Lessons learnt so far....
WARNING: Replacing the fuel filter
Frozen Air Pump
Removing the Down Pipe
Removing Gear Box
Replacing Rear Brake Pads
New front disc brake rotors
Suspension bushes
New O2 sensor
WARNING:
Replacing the fuel filter
This is a potential
big gottcha. There are several sites on the web that tell you about
replacing the fuel filter. But none suggest that the in-tank fuel
pickup filter that is attached to the bottom of the pump should be
replaced or cleaned too!
I found that I had problems with a
low fuel level in the tank and the engine cutting out. The fuel
filter was collapsing under the suction of the fuel pump and
starving the engine. I also had a lean condition on full boost. Once
I removed the pickup filter I discovered that it was hard to blow
through. I managed to clean it with detergent and water pressure,
but eventually decided to replace it (only $NZ30 from Mazda).
This
is a serious problem, and I suspect is the cause of many high milage
RX-7's failing with detonation. My car had done 140,000K's, I know
of at least one other car with similar K's that had the same
problem. Have you checked yours?
Frozen
Air Pump
The previous owner had disconnected
the wire to the air pump. I reconnected it and immediately stalled
the belt, which caused a plume of smoke as the engine was still
turning over! So I stripped the pump down to find it badly corroded
inside. I believe the corrosion was caused by moisture rising back
up the pipe from the cat'. I have now removed the old clogged cat',
so there is no need for the air pump. The pump was 5Kg of dead
weight, so it's been removed.
Remember
to block off the pipe it plugged into. I also blocked the pipe that
is used by the emissions control because it caused a lumpy idle,
this is the top hose that takes air from the air filter to a valve
behind the intake manifold.
Removing
the Down Pipe
Hmmm, reading FAQ's off the net
make this look easy, just watch out for rusted nuts on the heat
shields! (plan ahead with some CRC) But those FAQ's are written for
left hand drive! So for
hand drive... mark the splines on the steering shaft with twink,
and remove the shaft before you lose some knuckle skin!!
Removing
Gear Box
The real gotcha with removing the
gear box was to watch out for the engine sag. There are excellent
FAQ's on this job, but they fail to mention that the engine is held
in position by two engine mounts and the gear box. With the gear box
removed the engine will tilt forward and stress all the hoses etc.
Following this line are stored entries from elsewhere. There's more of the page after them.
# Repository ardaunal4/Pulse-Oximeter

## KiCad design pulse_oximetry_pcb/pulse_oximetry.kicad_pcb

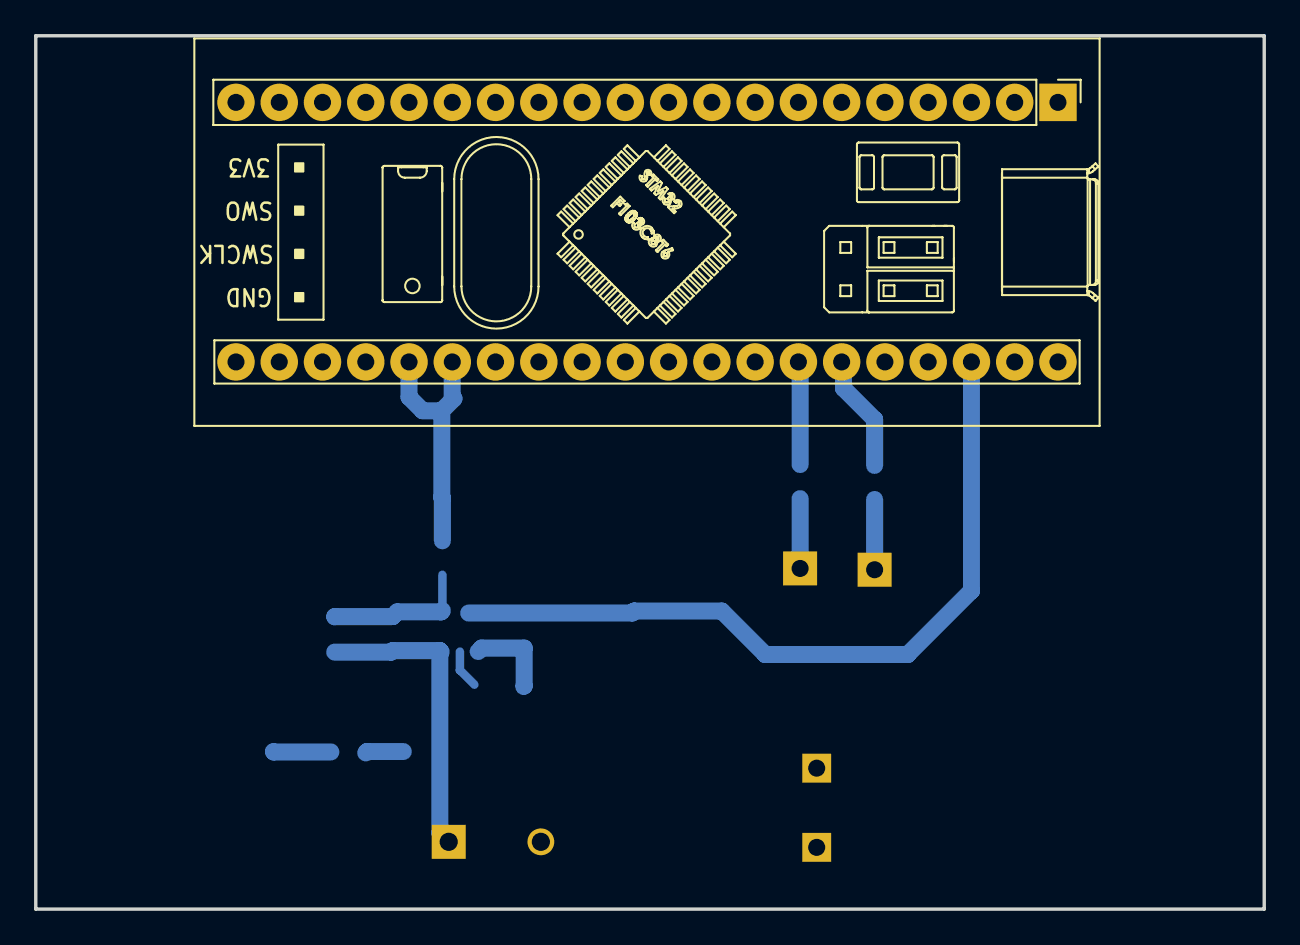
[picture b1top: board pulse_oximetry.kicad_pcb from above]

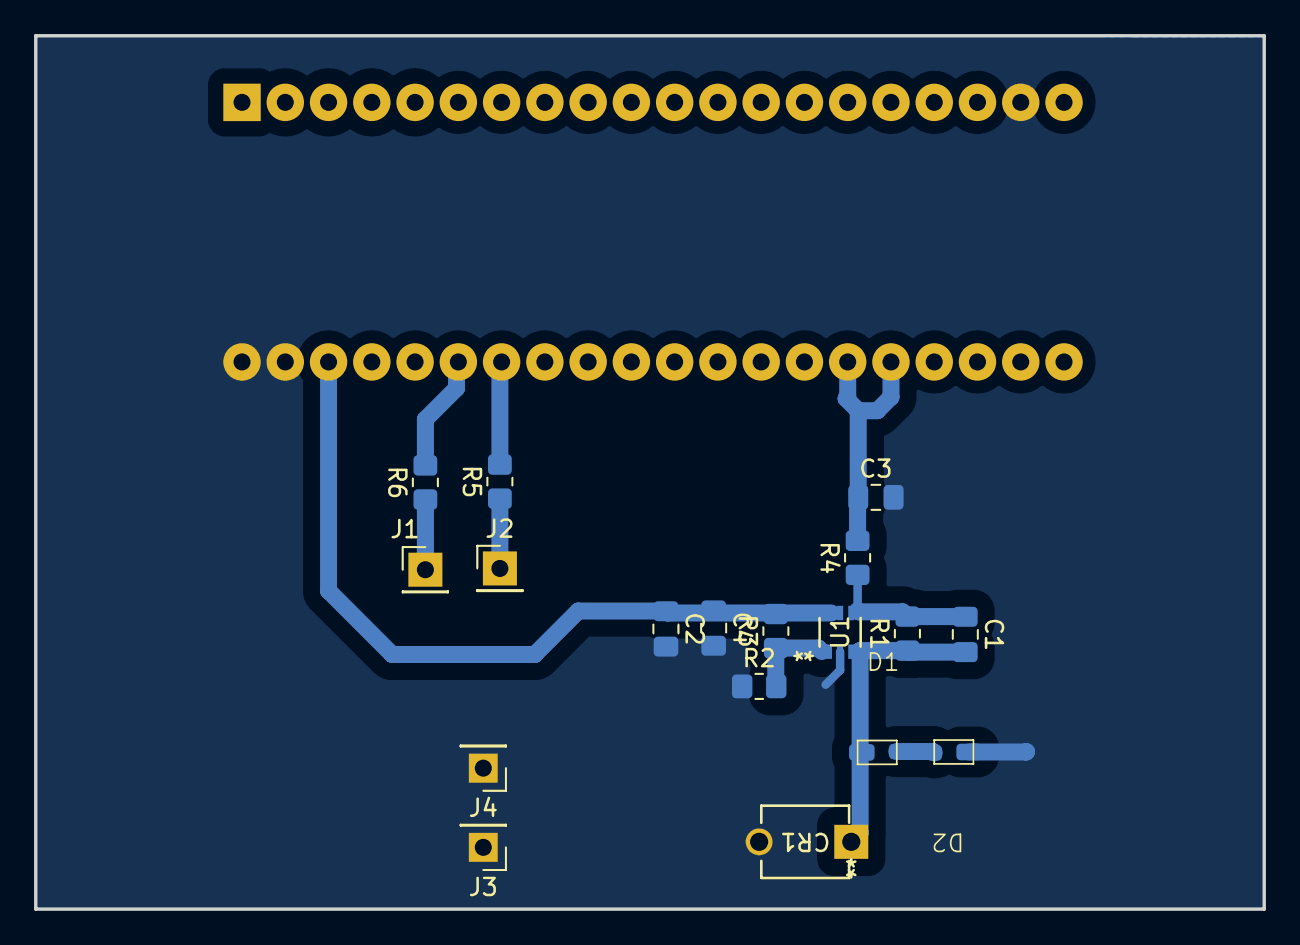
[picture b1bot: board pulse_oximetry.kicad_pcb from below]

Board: 2 copper layers, 72.1 x 51.3 mm, 19 parts (18 on the bottom side), 11 nets.

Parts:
C1: 6.8pF; C_0805_2012Metric_Pad1.18x1.45mm_HandSolder
C2: 100nF; C_0805_2012Metric_Pad1.18x1.45mm_HandSolder
C3: 1nF; C_0805_2012Metric_Pad1.18x1.45mm_HandSolder
C4: 1uF; C_0805_2012Metric_Pad1.18x1.45mm_HandSolder
CR1: BPW34; LED_BPW34_VIS
D1, D2: mse1pghm3; MSE1PPGHM3
J1, J2, J3, J4: Conn_01x01_Pin; PinHeader_1x01_P2.54mm_Vertical
R1, R3: 32k; R_0805_2012Metric_Pad1.20x1.40mm_HandSolder
R2: 1k; R_0805_2012Metric_Pad1.20x1.40mm_HandSolder
R4: 10k; R_0805_2012Metric_Pad1.20x1.40mm_HandSolder
R5, R6: 110; R_0805_2012Metric_Pad1.20x1.40mm_HandSolder
U1: LMV601MG/NOPB; DCK6_TEX
U2: YAAJ_BluePill; YAAJ_BluePill_1

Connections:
+3V3: C2.1, C4.1, R3.2, U1.5 (*SHDN), U1.6 (V+), U2.38 (3V3)
/ampOUT: C3.1, R4.2, U2.25 (PA0), U2.26 (PA1)
GND: C2.2, C3.2, C4.2, CR1.2, J3.1, J4.1, R2.1, U1.2 (GND), U2.19 (GND), U2.39 (GND), U2.40 (GND)
unnamed: D1.1 (A), D1.2 (A), D2.1 (A), D2.2 (A)
unnamed: C1.2, CR1.1, R1.1, U1.3 (-IN)
unnamed: J1.1, R6.1
unnamed: J2.1, R5.1
unnamed: R2.2, R3.1, U1.1 (+IN)
unnamed: C1.1, R1.2, R4.1, U1.4 (OUT)
unnamed: R5.2, U2.34 (PB1)
unnamed: R6.2, U2.35 (PB10)

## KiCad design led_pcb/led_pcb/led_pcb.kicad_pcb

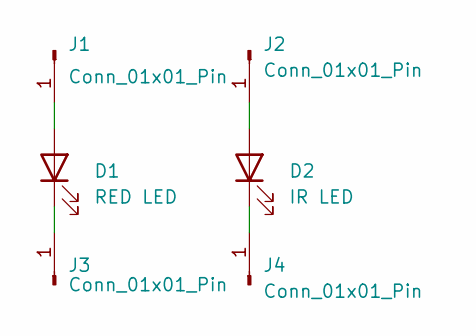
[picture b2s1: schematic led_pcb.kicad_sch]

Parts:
D1: RED LED; LED_D3.0mm
D2: IR LED; LED_D3.0mm
J1, J2, J3, J4: Conn_01x01_Pin; PinHeader_1x01_P2.54mm_Vertical

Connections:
unnamed: D1.2 (A), J1.1
unnamed: D1.1 (K), J3.1
unnamed: D2.2 (A), J2.1
unnamed: D2.1 (K), J4.1

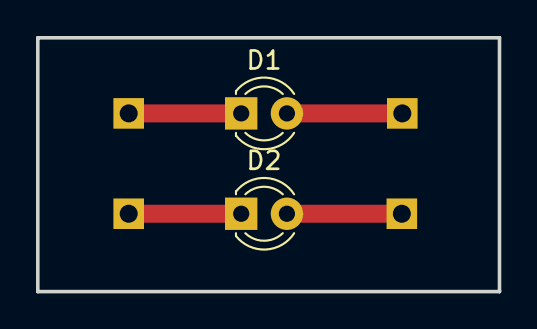
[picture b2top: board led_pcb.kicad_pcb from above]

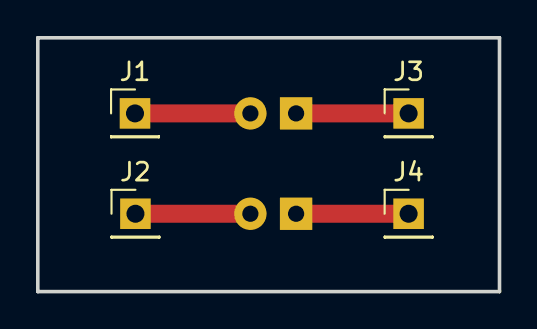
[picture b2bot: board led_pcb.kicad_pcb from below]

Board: 2 copper layers, 25.7 x 14.1 mm, 6 parts (4 on the bottom side), 4 nets.

around the engine. You can get away with putting a jack under the
sump, but preferably you should lift the engine with a block and
tackle or similar to suspend it while you have the gear box out.
Remember the best way is to unbolt the clutch pressure plate from the fly wheel before removing the gear box. I managed to get the whole job done on my own with the car on axle stands. With a bit of luck, I managed to put the gear box back in one hit using a jack to balance it on.
Replacing
Rear Brake Pads
This had me going for a while,
but I finally found an FAQ on the web. I thought it would be worth
while mentioning it here. Basically when you remove the old pads,
you need to retract the pistons. Push as hard as you like, it's not
going to happen! The pistons are on a thread that is pushed by the
hand brake. You simply take some long nose pliers and screw the
piston in :-) Don't forget to open the bleed nipple to stop old
fluid going back through the system. Also make sure that the grooves
in the piston end up horizontal, as the pads have a lug that sits in
the groove.
New
front disc brake rotors
I guess the previous
owner of my car had a few panic stops :-)
The rotors were down to the minimum width, and had hot spots. Normal braking was OK, but as soon as the rotors heated up they warped. Not a nice feeling. I chose to get standard Mazda rotors. No grooves and no drilling. I don't want to weaken them and the new pads are not going to eat them. I'll let you know how they survive the race track.
Update:
They survived OK, but I did get them smoking. With two people in the
car, I think I pushed them to the limit and even though I had DOT
5.1 fluid, I still got brake fade. I think the brakes are going to
be a project all on their own. Ideally now that I have the 17”
RS wheels, I should get my hands on a set of RS big brakes! :-)
Suspension
bushes
Clunk, thud, clak, clunk. Hmmm that
doesn't sound too good.
A common fault with the FD suspension is that it gets a bit noisy over time.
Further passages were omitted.